DO 12.03.2026 | Netflix
Wie kommt man eigentlich auf die vollkommen bescheuerte Idee, eine Erotikserie „Vladimir“ zu nennen? Nichts ist derzeit unerotischer als der Name „Vladimir“. Da könnte man fast eine Doku erwarten, in der es um einen kriegerischen Diktatator geht.
Dabei ist „Vladimir“ auf Netflix grundsätzlich erst mal sehenswert.
Sie ist Professorin und Schriftstellerin (Rachel Weisz), und sie sinniert über ihren jüngeren, gutaussehenden Kollegen Vladimir (Leo Woodall). Hat er sie gerade änger angesehen? Hat er sie gerade angelächelt? Und diese Berührung, bedeutet sie womöglich mehr?
Und so träumt sich die Professorin durch 6 bis 7 Folgen. Immer wieder verfällt sie in feuchte Träume mit Vladimir – bis im großen Finale irgendwie alles anders kommt, als man denken könnte.
Wie gesagt, die Idee ist durchaus witzig.

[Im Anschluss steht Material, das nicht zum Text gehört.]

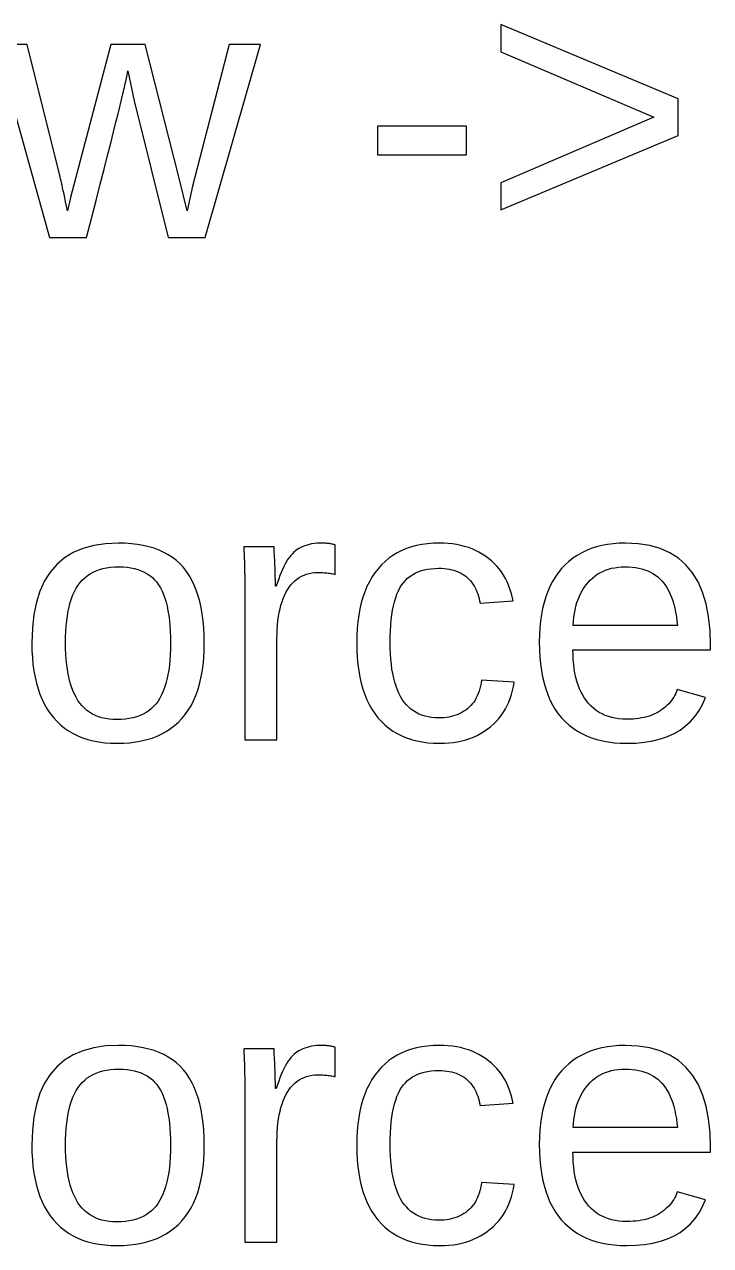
# Model space of a CAD drawing. Extents: x -27 to 133, y -77 to 15.
# Drawn here: x 83.77 to 88.07, y -17.39 to -9.73 of the extents above; entities that cross this region are included whole.
import ezdxf

# ---------------------------------------------------------------- set-up
doc = ezdxf.new("R2010")
doc.units = 0
doc.layers.get('0').update_dxf_attribs({"linetype": 'CONTINUOUS'})

msp = doc.modelspace()

# ---------------------------------------------------------------- linework, layer by layer
for points in [[(87.8704, -10.43), (87.8704, -10.2006), (86.7571, -9.73296), (86.7571, -9.90527), (87.7171, -10.3148), (86.7571, -10.7254), (86.7571, -10.8966)], [(84.1884, -10.9492), (84.217, -10.8379), (84.2433, -10.735), (84.2675, -10.6405), (84.2894, -10.5544), (84.3092, -10.4768), (84.3267, -10.4075), (84.3421, -10.3467), (84.3552, -10.2943), (84.3662, -10.2503), (84.375, -10.2147), (84.3815, -10.1875), (84.3859, -10.1688), (84.3891, -10.1545), (84.3922, -10.1407), (84.3951, -10.1275), (84.3979, -10.1148), (84.4006, -10.1026), (84.4032, -10.0909), (84.4056, -10.0798), (84.4078, -10.0691), (84.41, -10.059), (84.412, -10.0495), (84.4139, -10.0404), (84.4156, -10.0319), (84.4172, -10.0239), (84.4575, -10.213), (84.669, -11.0689), (84.9029, -11.0689), (85.2497, -9.85827), (85.0528, -9.85827), (84.8234, -10.7467), (84.7887, -10.9022), (84.7373, -10.6896), (84.5258, -9.85827), (84.3098, -9.85827), (84.057, -10.8194), (84.0379, -10.9022), (84.0319, -10.8733), (84.0263, -10.8463), (84.0211, -10.8213), (84.0162, -10.7983), (84.0118, -10.7773), (84.0077, -10.7583), (84.004, -10.7412), (84.0007, -10.7262), (83.9977, -10.7131), (83.9952, -10.702), (83.993, -10.6929), (83.9912, -10.6858), (83.9898, -10.6807), (83.7851, -9.85827), (83.5859, -9.85827), (83.9249, -11.0689), (84.1577, -11.0689)], [(86.5422, -10.3707), (85.9827, -10.3707), (85.9827, -10.5498), (86.5422, -10.5498)], [(84.3903, -14.2404), (84.429, -14.2376), (84.4663, -14.233), (84.502, -14.2266), (84.5362, -14.2183), (84.569, -14.2082), (84.6002, -14.1962), (84.63, -14.1824), (84.6582, -14.1668), (84.685, -14.1493), (84.7102, -14.1299), (84.734, -14.1088), (84.7563, -14.0858), (84.777, -14.0609), (84.796, -14.0341), (84.8134, -14.0054), (84.8291, -13.9747), (84.8432, -13.9421), (84.8556, -13.9077), (84.8663, -13.8712), (84.8754, -13.8329), (84.8829, -13.7927), (84.8887, -13.7505), (84.8928, -13.7064), (84.8953, -13.6604), (84.8961, -13.6125), (84.8954, -13.5641), (84.893, -13.5177), (84.8892, -13.4732), (84.8837, -13.4308), (84.8768, -13.3904), (84.8682, -13.3519), (84.8582, -13.3155), (84.8466, -13.281), (84.8334, -13.2486), (84.8187, -13.2181), (84.8024, -13.1896), (84.7846, -13.1631), (84.7652, -13.1386), (84.7442, -13.116), (84.7215, -13.0952), (84.697, -13.0763), (84.6708, -13.0591), (84.6428, -13.0437), (84.6131, -13.0302), (84.5817, -13.0184), (84.5486, -13.0085), (84.5137, -13.0004), (84.4771, -12.994), (84.4387, -12.9895), (84.3986, -12.9868), (84.3568, -12.9859), (84.2765, -12.9896), (84.2027, -13.0007), (84.1353, -13.0193), (84.0742, -13.0452), (84.0197, -13.0786), (83.9715, -13.1194), (83.9297, -13.1676), (83.8944, -13.2232), (83.8655, -13.2862), (83.843, -13.3567), (83.827, -13.4345), (83.8174, -13.5198), (83.8141, -13.6125), (83.8149, -13.6586), (83.8174, -13.7031), (83.8214, -13.7458), (83.827, -13.7868), (83.8342, -13.8262), (83.843, -13.8638), (83.8534, -13.8997), (83.8654, -13.934), (83.879, -13.9665), (83.8943, -13.9973), (83.9111, -14.0265), (83.9295, -14.0539), (83.9495, -14.0796), (83.9711, -14.1035), (83.9943, -14.1255), (84.0189, -14.1456), (84.0451, -14.1638), (84.0729, -14.1801), (84.1022, -14.1944), (84.133, -14.2069), (84.1653, -14.2174), (84.1992, -14.226), (84.2346, -14.2327), (84.2716, -14.2375), (84.3101, -14.2403), (84.3501, -14.2413)], [(85.3527, -13.5879), (85.3531, -13.5574), (85.3543, -13.5281), (85.3562, -13.4999), (85.359, -13.4728), (85.3625, -13.4468), (85.3668, -13.4219), (85.3719, -13.3981), (85.3777, -13.3754), (85.3844, -13.3538), (85.3918, -13.3333), (85.4, -13.3139), (85.409, -13.2957), (85.4187, -13.2785), (85.4292, -13.2625), (85.4405, -13.2478), (85.4524, -13.2344), (85.465, -13.2223), (85.4783, -13.2114), (85.4923, -13.2018), (85.507, -13.1935), (85.5224, -13.1865), (85.5386, -13.1807), (85.5554, -13.1763), (85.5729, -13.1731), (85.5911, -13.1712), (85.6101, -13.1705), (85.6202, -13.1706), (85.6301, -13.1708), (85.6396, -13.1711), (85.6488, -13.1716), (85.6577, -13.1722), (85.6663, -13.1729), (85.6746, -13.1738), (85.6825, -13.1748), (85.6902, -13.1759), (85.6975, -13.1771), (85.7045, -13.1785), (85.7111, -13.1801), (85.7175, -13.1817), (85.7175, -12.9971), (85.7111, -12.9954), (85.7048, -12.9939), (85.6984, -12.9925), (85.6921, -12.9913), (85.6858, -12.9901), (85.6795, -12.9891), (85.6732, -12.9883), (85.6669, -12.9876), (85.6607, -12.987), (85.6544, -12.9865), (85.6482, -12.9862), (85.642, -12.986), (85.6358, -12.9859), (85.6185, -12.9862), (85.6019, -12.9872), (85.5859, -12.9889), (85.5704, -12.9913), (85.5556, -12.9943), (85.5414, -12.9981), (85.5278, -13.0024), (85.5148, -13.0075), (85.5024, -13.0132), (85.4907, -13.0197), (85.4795, -13.0268), (85.4689, -13.0345), (85.459, -13.043), (85.4494, -13.0523), (85.4401, -13.0628), (85.4309, -13.0745), (85.4218, -13.0874), (85.413, -13.1014), (85.4043, -13.1166), (85.3957, -13.133), (85.3874, -13.1505), (85.3792, -13.1692), (85.3712, -13.189), (85.3634, -13.21), (85.3557, -13.2322), (85.3482, -13.2555), (85.3438, -13.2555), (85.3437, -13.2482), (85.3436, -13.2389), (85.3433, -13.2277), (85.3429, -13.2145), (85.3424, -13.1994), (85.3419, -13.1823), (85.3412, -13.1633), (85.3404, -13.1423), (85.3395, -13.1194), (85.3385, -13.0945), (85.3374, -13.0677), (85.3361, -13.039), (85.3348, -13.0083), (85.1446, -13.0083), (85.1456, -13.0319), (85.1465, -13.0551), (85.1473, -13.0781), (85.1481, -13.1008), (85.1488, -13.1231), (85.1494, -13.1451), (85.1499, -13.1668), (85.1503, -13.1881), (85.1507, -13.2092), (85.151, -13.2299), (85.1511, -13.2504), (85.1513, -13.2705), (85.1513, -13.2902), (85.1513, -14.2189), (85.3527, -14.2189)], [(86.4035, -14.2407), (86.4319, -14.2388), (86.4596, -14.2358), (86.4864, -14.2315), (86.5124, -14.2259), (86.5377, -14.2191), (86.5621, -14.2111), (86.5858, -14.2019), (86.6086, -14.1914), (86.6307, -14.1797), (86.6519, -14.1668), (86.6724, -14.1526), (86.6921, -14.1373), (86.7108, -14.1208), (86.7282, -14.1036), (86.7445, -14.0855), (86.7596, -14.0665), (86.7734, -14.0468), (86.7861, -14.0262), (86.7975, -14.0047), (86.8078, -13.9825), (86.8168, -13.9594), (86.8246, -13.9354), (86.8313, -13.9107), (86.8367, -13.8851), (86.8409, -13.8586), (86.6373, -13.8452), (86.6344, -13.8634), (86.6308, -13.8809), (86.6266, -13.8977), (86.6217, -13.9136), (86.6162, -13.9289), (86.61, -13.9434), (86.6031, -13.9572), (86.5956, -13.9702), (86.5875, -13.9825), (86.5787, -13.994), (86.5692, -14.0049), (86.5591, -14.0149), (86.5483, -14.0242), (86.537, -14.0329), (86.5253, -14.0408), (86.5131, -14.048), (86.5006, -14.0545), (86.4876, -14.0604), (86.4742, -14.0656), (86.4604, -14.07), (86.4461, -14.0738), (86.4315, -14.0769), (86.4164, -14.0793), (86.4009, -14.081), (86.385, -14.0821), (86.3687, -14.0824), (86.3456, -14.0817), (86.3234, -14.0797), (86.3021, -14.0762), (86.2817, -14.0714), (86.2622, -14.0652), (86.2437, -14.0576), (86.226, -14.0487), (86.2093, -14.0384), (86.1935, -14.0267), (86.1786, -14.0136), (86.1646, -13.9991), (86.1515, -13.9833), (86.1393, -13.9661), (86.1281, -13.9474), (86.1177, -13.9273), (86.1083, -13.9057), (86.0997, -13.8826), (86.0921, -13.858), (86.0853, -13.8319), (86.0795, -13.8044), (86.0745, -13.7754), (86.0705, -13.7449), (86.0673, -13.7129), (86.0651, -13.6794), (86.0637, -13.6444), (86.0633, -13.608), (86.0637, -13.5701), (86.065, -13.534), (86.0671, -13.4996), (86.07, -13.4669), (86.0739, -13.4359), (86.0785, -13.4066), (86.084, -13.3791), (86.0904, -13.3532), (86.0976, -13.3291), (86.1056, -13.3068), (86.1145, -13.2861), (86.1243, -13.2672), (86.1349, -13.25), (86.1464, -13.2342), (86.159, -13.2198), (86.1726, -13.2066), (86.1873, -13.1946), (86.203, -13.1839), (86.2198, -13.1745), (86.2376, -13.1663), (86.2565, -13.1594), (86.2764, -13.1537), (86.2974, -13.1493), (86.3194, -13.1462), (86.3424, -13.1443), (86.3665, -13.1437), (86.3843, -13.144), (86.4014, -13.1451), (86.4179, -13.1468), (86.4337, -13.1493), (86.4489, -13.1524), (86.4635, -13.1563), (86.4774, -13.1608), (86.4908, -13.1661), (86.5034, -13.1721), (86.5155, -13.1787), (86.5269, -13.1861), (86.5376, -13.1942), (86.5478, -13.203), (86.5573, -13.2123), (86.5662, -13.2222), (86.5746, -13.2325), (86.5825, -13.2434), (86.5897, -13.2547), (86.5964, -13.2665), (86.6025, -13.2788), (86.608, -13.2916), (86.613, -13.3049), (86.6174, -13.3187), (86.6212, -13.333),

Eine Frau mittleren Alters schwärmt für einen jungen Typen, der sie scheinbar auch anzumachen scheint. Allerdings stellt sich bald heraus, dass de Idee zwar nett ist, aber viel mehr Ideen irgendwie nicht vorhanden sind. „Vladimir“ fußt auf dieser einen Idee, und das ist dann doch zu wenig.
Zwar gibt es ein Hin und Her – die Professorin führt eine Art offene Ehe, zumindest hat ihr Mann angeblich eine andere Frau. Und bei Vlad ist die Ehe wohl auch nicht mehr die beste.
Man muss dann schon sehr lange warten, bis es dann wirklich mal zur Sache geht und klar ist, wohn die Reise geht.
In Deutschland leidet Rachel Weisz, die ihre Rolle gut ausfüllt, leider an einer ziemlich schlechten Synchronstimme – Stimmlage, Intonation, alles schwierig. Leo Woodall muss ja in dieser Serie meist nur gut aussehen, was den Schauspieler ein wenig unterfordert.
So ist „Vladimir“ von außen Hochglanz, bei näherer Betrachtung dann aber doch ein wenig matt.